3D Safety System Promises Advantages

Safety product vendor Pilz recently exhibited a camera-based robot safety system that is said to save space and reduce downtime.

Pilz says it's SafetyEye camera-based safety system will be available in the United States during next year's first quarter.
Pilz says it's SafetyEye camera-based safety system will be available in the United States during next year's first quarter.

Conventional robot safety systems rely on components such as safety fences, light curtains and pressure sensitive safety mats. But showgoers at the Assembly Technology Expo, Sept 25-27 in Rosemont, Ill., got a look at a new approach to safety that has potential to eliminate these multiple components, while also reducing robot downtime. 

The SafetyEye from Pilz Automation Safety L.P, a German vendor with U.S. headquarters in Canton, Mich., relies on a three-camera sensor that is mounted above the robot work area. Billed as “the first safe camera system for three-dimensional zone monitoring,” the system was developed by Pilz in conjunction with DaimlerChrysler.  

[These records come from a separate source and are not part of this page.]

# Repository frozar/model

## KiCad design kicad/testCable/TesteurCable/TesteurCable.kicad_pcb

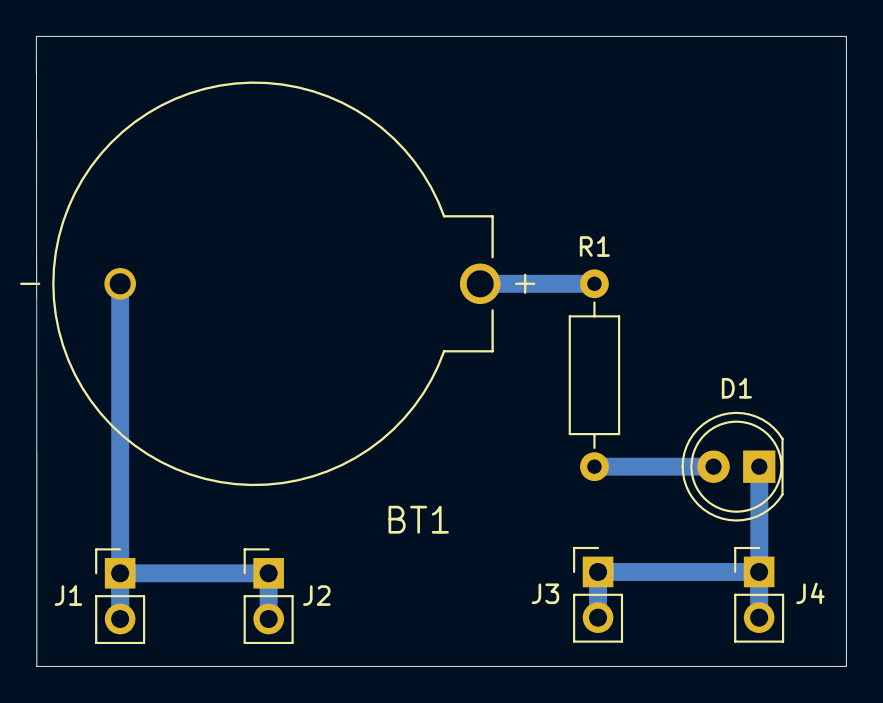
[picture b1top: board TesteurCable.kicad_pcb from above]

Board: 2 copper layers, 45.0 x 35.0 mm, 7 parts (0 on the bottom side), 4 nets.

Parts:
BT1: BS-7; BAT_BS-7
D1: LED_Verte; LED_D5.0mm
J1, J3: Conn_01x02_Male; PinHeader_1x02_P2.54mm_Vertical
J2, J4: Conn_01x02_Female; PinHeader_1x02_P2.54mm_Vertical
R1: 200; R_Axial_DIN0207_L6.3mm_D2.5mm_P10.16mm_Horizontal

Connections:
unnamed: BT1.+, R1.2
unnamed: BT1.-, J1.1, J1.2, J2.1, J2.2
unnamed: D1.1, J3.1, J3.2, J4.1, J4.2
unnamed: D1.2, R1.1

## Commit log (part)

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2018-02-24 Add source of c++, python and fortran
2018-03-15 [CPP] Const reference example in cpp
2018-03-15 [RUST] Rename directory
2018-03-16 [RUST] Add project variables.
2018-03-16 [RUST] Add data_types project.
2018-03-19 [RUST] Add ownership project.
2018-03-20 [RUST] Add enum_pattern project.
2018-03-21 [RUST] Add complexe sub-module project.
2018-03-21 [RUST] Example of a test in communicator project.
2018-03-22 [RUST] Add hash_map_example project.
2018-03-23 [RUST] Add recoverable_errors project.
2018-03-26 [RUST] Add project generics_motivation.
2018-03-27 [RUST] Fix the implementation of largest function thanks to trait bounds.
2018-03-28 [RUST] Add a projet about test writing.
2018-03-29 [RUST] WIP: Add project minigrep.
2018-03-31 [RUST] Implement case insensitive search. Use error channel to print error message.
2018-04-03 [RUST] Add project about closure.
2018-04-10 [RUST] Add projet minigrep which use closure and iterator.
2018-04-12 [RUST] Add project about cargo workspace
2018-04-16 [RUST] Add project about deref trait.
2018-04-16 [RUST] Add project about interior mutability pattern.
2018-04-17 [RUST] Add a project which show an example of memory leak in Rust.
2018-04-17 [RUST] Add project about mutex.
2018-04-19 [GIT] Add a .gitignore file
2018-04-19 [PYTHON] Add a tiny python example file.
2018-04-25 [PYTHRAN] Add example of numpy.dot
2018-07-09 [RUST] Add project about state pattern, the oriented-object way.
2018-07-10 [RUST] A way to finish the proposed exercices in ch17-03
2018-07-31 [PYTHON] Finalisation of the sierpinski animation.
2018-08-03 [PYTHON] WIP ast_dump.py program.
2018-08-06 [PYTHON] Functionnal AST dump program.
2018-10-08 Example of override.
2018-11-06 [CPP] Add an example of singleton without memory leak.
2018-11-06 [CPP] Add an example of singleton WIHTOUT memory leak using an abstract interface to hide implementation.
2019-01-30 [CPP] Add a trait example.
2019-02-11 [RUST] Add the directory the_book under rust section.
2019-02-16 [REACT] Add seasons example application.
2019-04-08 [CPP] Check if a unique_ptr is valid (contain something) or not.
2019-05-08 [ELM] Add an example of form (kind of).
2019-05-13 [ELM] Add example of randomness
2019-05-21 [ELM] Add the time example.
2019-05-31 [ELM] WIP application 8 queens problem.
2019-08-31 [CLJ] Challenge of the week: regular polygons.
2019-09-14 [CLJ] Challenge of the week: knights jam.
2019-09-25 [CLJS] tutorial-03
2019-09-27 [CLJS] tutorial-05
2019-10-19 [NODEJS] Add hello world.
2020-01-01 [CLOJURE] Add a basic example of ring application.
2020-01-18 [CLJ] Add the 'majuscule' and 'factoriel' examples.
2020-02-25 [CLJS] Simple move.
2020-03-26 [CLJ] Add example of clojure macro.
2020-04-17 Add a clojure example of permutation computation.
2020-08-30 WebGL2: Reorganise repository.
2020-08-30 WebGL: add example 2D matrix usage.
2020-09-02 WebGL: add example of camera manipulation.
2020-09-07 WebGL: add examples on gl.POINTS
2020-09-16 Firebase: add basic example to read/write to firestore database.
2020-09-17 Finish example clojurescript firestore.
2020-10-01 React: lifecycle methods example.
2020-10-05 React: hook usage example and handmade router.
2020-10-07 React: example of Redux application using get requests.
2020-10-10 React: finish the streaming application example.
2020-11-15 Codingame: challenge of the week
2020-12-17 Material-ui: finish section 3 of the course.
2020-12-23 ignore node_modules directories.
2020-12-26 Material-ui: finish section 8 of the course.
2020-12-29 Material-ui: finish section 11 of the course.
2020-12-31 Material-ui: finish section 14 of the course.
2021-01-06 Bump axios from 0.20.0 to 0.21.1 in /react/udemy/074-pics
    Bumps [axios](https://github.com/axios/axios) from 0.20.0 to 0.21.1.
    - [Release notes](https://github.com/axios/axios/releases)
    - [Changelog](https://github.com/axios/axios/blob/v0.21.1/CHANGELOG.md)
    - [Commits](https://github.com/axios/axios/compare/v0.20.0...v0.21.1)
2021-01-08 Material-ui: better handling of active index and navigation in general.
2021-01-31 HZV: Add almost everything from hzv directory: big saving of code.
2021-01-31 Add Elm ressources
2021-01-31 Webaudio: basic example.
2021-02-06 WIP: tree product, not correct results in alll case.
2021-02-13 Try some optimisation on the tree_produt problem.
2021-04-01 Bump y18n from 4.0.0 to 4.0.1 in /firebase/firestore/cljs/01-firestore
    Bumps [y18n](https://github.com/yargs/y18n) from 4.0.0 to 4.0.1.
    - [Release notes](https://github.com/yargs/y18n/releases)
    - [Changelog](https://github.com/yargs/y18n/blob/master/CHANGELOG.md)
    - [Commits](https://github.com/yargs/y18n/commits)
2021-04-17 Fonctional example of esp card send RFID uid via post request.
2021-04-29 Use the WifiManager library in the esp read RFID example.
2021-05-06 Add example of oled + arduino: koch snowflake.
2021-05-12 Bump @grpc/grpc-js in /firebase/firestore/cljs/01-firestore
    Bumps [@grpc/grpc-js](https://github.com/grpc/grpc-node) from 1.1.6 to 1.3.1.
    - [Release notes](https://github.com/grpc/grpc-node/releases)
    - [Commits](https://github.com/grpc/grpc-node/compare/@grpc/grpc-js@1.1.6...@grpc/grpc-js@1.3.1)
2021-06-07 Add example of Q-learning approach from hands on q learning with python.
2021-06-09 Follow example of KiCAD circuit from UIT Nantes.
2021-06-23 Add example KiCAD of testeurCable.
2021-06-23 Add example of Spring boot accessing data through JPA.
2021-06-23 Use spring boot to setup the GET route api/v1/person: allow to retrieve all people in DB.
2021-06-23 Try to add annotation to constraint Person instanciation.
2021-06-24 Rename directory 'youtube-demo' -> 'youtube-demo-2019'
2021-06-26 Add example 'amigoscode-demo-2021'
2021-08-29 Add a svelte demo application.
2021-08-30 Amigoscode project 2019, wip.
2021-09-09 Ignore gerber output directory.
2022-01-16 Add gulp tutorial example.
2022-01-16 Improve README
2022-01-24 Bump nanoid from 3.1.20 to 3.2.0 in /formik/formik-controls-demo
    Bumps [nanoid](https://github.com/ai/nanoid) from 3.1.20 to 3.2.0.
    - [Release notes](https://github.com/ai/nanoid/releases)
    - [Changelog](https://github.com/ai/nanoid/blob/main/CHANGELOG.md)
    - [Commits](https://github.com/ai/nanoid/compare/3.1.20...3.2.0)
    ---
    updated-dependencies:
2022-01-28 Remove the environment variable PARCEL_WORKER_BACKEND fix.
2022-01-28 Bump tmpl in /java/spring/amigoscode-test/src/frontend
    Bumps [tmpl](https://github.com/daaku/nodejs-tmpl) from 1.0.4 to 1.0.5.
    - [Release notes](https://github.com/daaku/nodejs-tmpl/releases)
    - [Commits](https://github.com/daaku/nodejs-tmpl/commits/v1.0.5)
    ---
    updated-dependencies:
    - dependency-name: tmpl
2022-02-06 Add codingame the_travelling_salesman_problem.rs
2022-02-07 [CG] rectangle_partition.rs
2022-02-27 Add simple example of c program.
2022-04-01 Bump minimist from 1.2.5 to 1.2.6 in /parcel
    Bumps [minimist](https://github.com/substack/minimist) from 1.2.5 to 1.2.6.
    - [Release notes](https://github.com/substack/minimist/releases)
    - [Commits](https://github.com/substack/minimist/compare/1.2.5...1.2.6)
    ---
    updated-dependencies:
    - dependency-name: minimist
2022-04-03 Bump minimist in /java/spring/amigoscode-test/src/frontend
    Bumps [minimist](https://github.com/substack/minimist) from 1.2.5 to 1.2.6.
    - [Release notes](https://github.com/substack/minimist/releases)
    - [Commits](https://github.com/substack/minimist/compare/1.2.5...1.2.6)
    ---
    updated-dependencies:
    - dependency-name: minimist
2022-06-06 Bump nalgebra from 0.17.0 to 0.27.1 in /rust/pythagorean_triples
    Bumps [nalgebra](https://github.com/dimforge/nalgebra) from 0.17.0 to 0.27.1.
    - [Release notes](https://github.com/dimforge/nalgebra/releases)
    - [Changelog](https://github.com/dimforge/nalgebra/blob/dev/CHANGELOG.md)
    - [Commits](https://github.com/dimforge/nalgebra/compare/v0.17...v0.27.1)
    ---
    updated-dependencies:
2022-06-20 WIP: codingame challenge.
2022-06-20 Bump async from 2.6.3 to 2.6.4 in /react/udemy/243-blog
    Bumps [async](https://github.com/caolan/async) from 2.6.3 to 2.6.4.
    - [Release notes](https://github.com/caolan/async/releases)
    - [Changelog](https://github.com/caolan/async/blob/v2.6.4/CHANGELOG.md)
    - [Commits](https://github.com/caolan/async/compare/v2.6.3...v2.6.4)
    ---
    updated-dependencies:
2022-06-20 Bump eventsource from 1.0.7 to 1.1.2 in /react/udemy/226-songs
    Bumps [eventsource](https://github.com/EventSource/eventsource) from 1.0.7 to 1.1.2.
    - [Release notes](https://github.com/EventSource/eventsource/releases)
    - [Changelog](https://github.com/EventSource/eventsource/blob/master/HISTORY.md)
    - [Commits](https://github.com/EventSource/eventsource/compare/v1.0.7...v1.1.2)
    ---
    updated-dependencies:
2022-06-20 Bump minimist from 1.2.5 to 1.2.6 in /react/udemy/243-blog
    Bumps [minimist](https://github.com/substack/minimist) from 1.2.5 to 1.2.6.
    - [Release notes](https://github.com/substack/minimist/releases)
    - [Commits](https://github.com/substack/minimist/compare/1.2.5...1.2.6)
    ---
    updated-dependencies:
    - dependency-name: minimist
2022-06-20 Codingame challenge ligue Bois 1.
2022-11-12 Bump minimatch and serve-handler in /parcel
    Bumps [minimatch](https://github.com/isaacs/minimatch) and [serve-handler](https://github.com/zeit/serve-handler). These dependencies needed to be updated together.
    Updates `minimatch` from 3.0.4 to 3.1.2
    - [Release notes](https://github.com/isaacs/minimatch/releases)
    - [Commits](https://github.com/isaacs/minimatch/compare/v3.0.4...v3.1.2)
    Updates `serve-handler` from 6.1.3 to 6.1.5
    - [Release notes](https://github.com/zeit/serve-handler/releases)
2022-12-23 Bump jsonwebtoken from 8.5.1 to 9.0.0 in /nodejs/jwt
    Bumps [jsonwebtoken](https://github.com/auth0/node-jsonwebtoken) from 8.5.1 to 9.0.0.
    - [Release notes](https://github.com/auth0/node-jsonwebtoken/releases)
    - [Changelog](https://github.com/auth0/node-jsonwebtoken/blob/master/CHANGELOG.md)
    - [Commits](https://github.com/auth0/node-jsonwebtoken/compare/v8.5.1...v9.0.0)
    ---
    updated-dependencies:
2023-01-26 Bump ua-parser-js in /clojurescript/hello-shadow-cljs
    Bumps [ua-parser-js](https://github.com/faisalman/ua-parser-js) from 0.7.21 to 0.7.33.
    - [Release notes](https://github.com/faisalman/ua-parser-js/releases)
    - [Changelog](https://github.com/faisalman/ua-parser-js/blob/master/changelog.md)
    - [Commits](https://github.com/faisalman/ua-parser-js/compare/0.7.21...0.7.33)
    ---
    updated-dependencies:
2023-03-03 Bump minimist and mkdirp in /clojurescript/hello-shadow-cljs
    Bumps [minimist](https://github.com/minimistjs/minimist) and [mkdirp](https://github.com/isaacs/node-mkdirp). These dependencies needed to be updated together.
    Updates `minimist` from 0.0.8 to 1.2.8
    - [Release notes](https://github.com/minimistjs/minimist/releases)
    - [Changelog](https://github.com/minimistjs/minimist/blob/main/CHANGELOG.md)
    - [Commits](https://github.com/minimistjs/minimist/compare/v0.0.8...v1.2.8)
    Updates `mkdirp` from 0.5.1 to 0.5.6

The SafetyEye works by using three cameras that provide image data from the area being monitored. An analysis unit uses image processing algorithms to define the exact position of objects three-dimensionally. This information is superimposed on various “zones” that can be configured by the user on a personal computer. A person or an object moving into a warning zone surrounding the robot work area could trigger an alarm and cause the robot to slow down, for example, while an intrusion into a detection zone closer to the robot work area could be programmed to shut down the robot. 

Benefits 

Compared to conventional protective devices, the SafetyEye requires less factory space, says Eric Hollister, a Pilz application engineer who is responsible for SafetyEye business in the United States.  

The system’s use of multiple safety zones representing differing degrees of danger will also reduce downtime, says Hollister, because a zone violation does not always automatically trigger an emergency stop, as with other approaches. If a worker infringes a detection zone at point that the robot would still take several seconds to reach, for example, the system’s control technology can ensure that the robot’s speed is significantly reduced. If a warning then alerts the worker of the danger, and the worker steps back, the robot can then return to normal speed. 

Other advantages of the system include the ability for users to quickly reconfigure and redefine detection zones as needed when factory equipment changes are made.  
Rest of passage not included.